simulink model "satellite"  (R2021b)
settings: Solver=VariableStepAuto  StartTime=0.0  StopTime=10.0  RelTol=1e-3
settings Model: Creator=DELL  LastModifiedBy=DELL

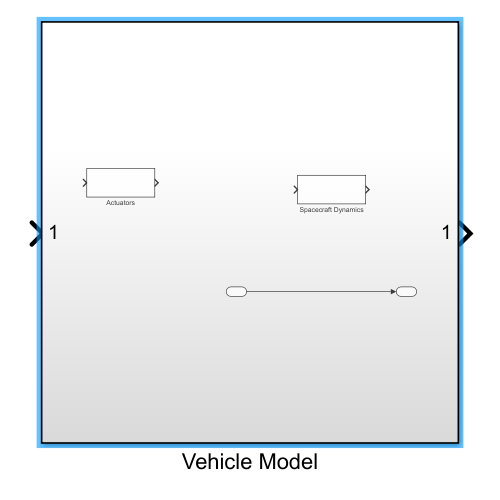
[thumbnail: Simulink's stored preview of the top-level diagram]
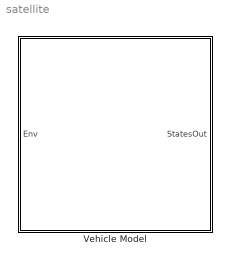
== system satellite ==
  Vehicle Model : Subsystem

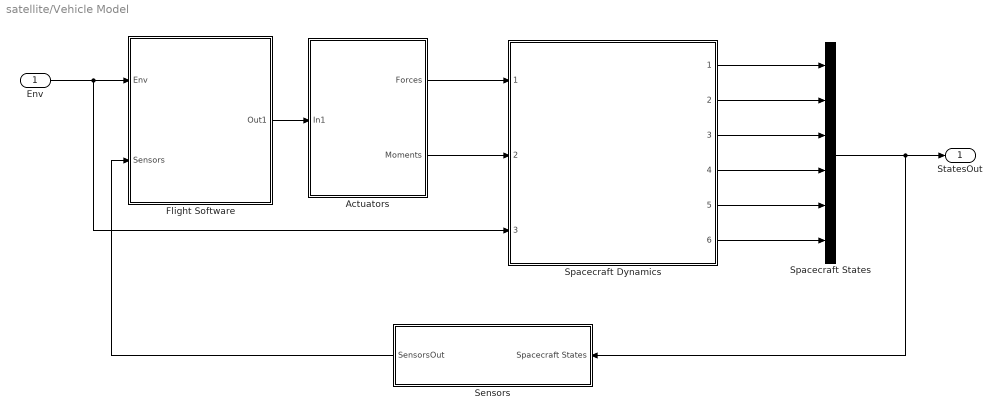
== system satellite/Vehicle Model ==
  Env : Inport
  Actuators : Subsystem
  Flight Software : Subsystem
  Sensors : Subsystem
  Spacecraft Dynamics : Subsystem  ReferencedSubsystem=Spacecraft_Dynamics  Mass=1  J=eye(3)
  Spacecraft States : Mux  Inputs=6
  StatesOut : Outport
  wires:
  Flight Software/1(Out1) -> Actuators/1(In1)
  Actuators/1(Forces) -> Spacecraft Dynamics/1
  Actuators/2(Moments) -> Spacecraft Dynamics/2
  Env/1 -> Spacecraft Dynamics/3, Flight Software/1(Env)
  Spacecraft Dynamics/1 -> Spacecraft States/1
  Spacecraft Dynamics/2 -> Spacecraft States/2
  Spacecraft Dynamics/3 -> Spacecraft States/3
  Spacecraft Dynamics/4 -> Spacecraft States/4
  Spacecraft Dynamics/5 -> Spacecraft States/5
  Spacecraft Dynamics/6 -> Spacecraft States/6
  Spacecraft States/1 -> Sensors/1(Spacecraft States), StatesOut/1
  Sensors/1(SensorsOut) -> Flight Software/2(Sensors)

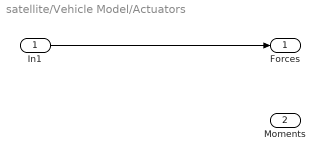
== system satellite/Vehicle Model/Actuators ==
  In1 : Inport
  Forces : Outport
  Moments : Outport  Port=2
  wires:
  In1/1 -> Forces/1

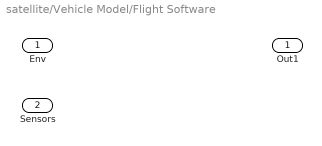
== system satellite/Vehicle Model/Flight Software ==
  Env : Inport
  Sensors : Inport  Port=2
  Out1 : Outport

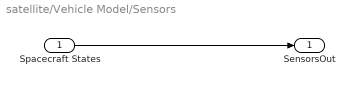
== system satellite/Vehicle Model/Sensors ==
  Spacecraft States : Inport
  SensorsOut : Outport
  wires:
  Spacecraft States/1 -> SensorsOut/1

#### [AIM OF THE TASK]
Could every entry be restated word for word, pictures excluded?

#### [SOLUTION FOR THIS TASK]
simulink model "satellite"  (R2021b)
settings: Solver=VariableStepAuto  StartTime=0.0  StopTime=10.0  RelTol=1e-3
settings Model: Creator=DELL  LastModifiedBy=DELL

[thumbnail: Simulink's stored preview of the top-level diagram]
== system satellite ==
  Vehicle Model : Subsystem

== system satellite/Vehicle Model ==
  Env : Inport
  Actuators : Subsystem
  Flight Software : Subsystem
  Sensors : Subsystem
  Spacecraft Dynamics : Subsystem  ReferencedSubsystem=Spacecraft_Dynamics  Mass=1  J=eye(3)
  Spacecraft States : Mux  Inputs=6
  StatesOut : Outport
  wires:
  Flight Software/1(Out1) -> Actuators/1(In1)
  Actuators/1(Forces) -> Spacecraft Dynamics/1
  Actuators/2(Moments) -> Spacecraft Dynamics/2
  Env/1 -> Spacecraft Dynamics/3, Flight Software/1(Env)
  Spacecraft Dynamics/1 -> Spacecraft States/1
  Spacecraft Dynamics/2 -> Spacecraft States/2
  Spacecraft Dynamics/3 -> Spacecraft States/3
  Spacecraft Dynamics/4 -> Spacecraft States/4
  Spacecraft Dynamics/5 -> Spacecraft States/5
  Spacecraft Dynamics/6 -> Spacecraft States/6
  Spacecraft States/1 -> Sensors/1(Spacecraft States), StatesOut/1
  Sensors/1(SensorsOut) -> Flight Software/2(Sensors)

== system satellite/Vehicle Model/Actuators ==
  In1 : Inport
  Forces : Outport
  Moments : Outport  Port=2
  wires:
  In1/1 -> Forces/1

== system satellite/Vehicle Model/Flight Software ==
  Env : Inport
  Sensors : Inport  Port=2
  Out1 : Outport

== system satellite/Vehicle Model/Sensors ==
  Spacecraft States : Inport
  SensorsOut : Outport
  wires:
  Spacecraft States/1 -> SensorsOut/1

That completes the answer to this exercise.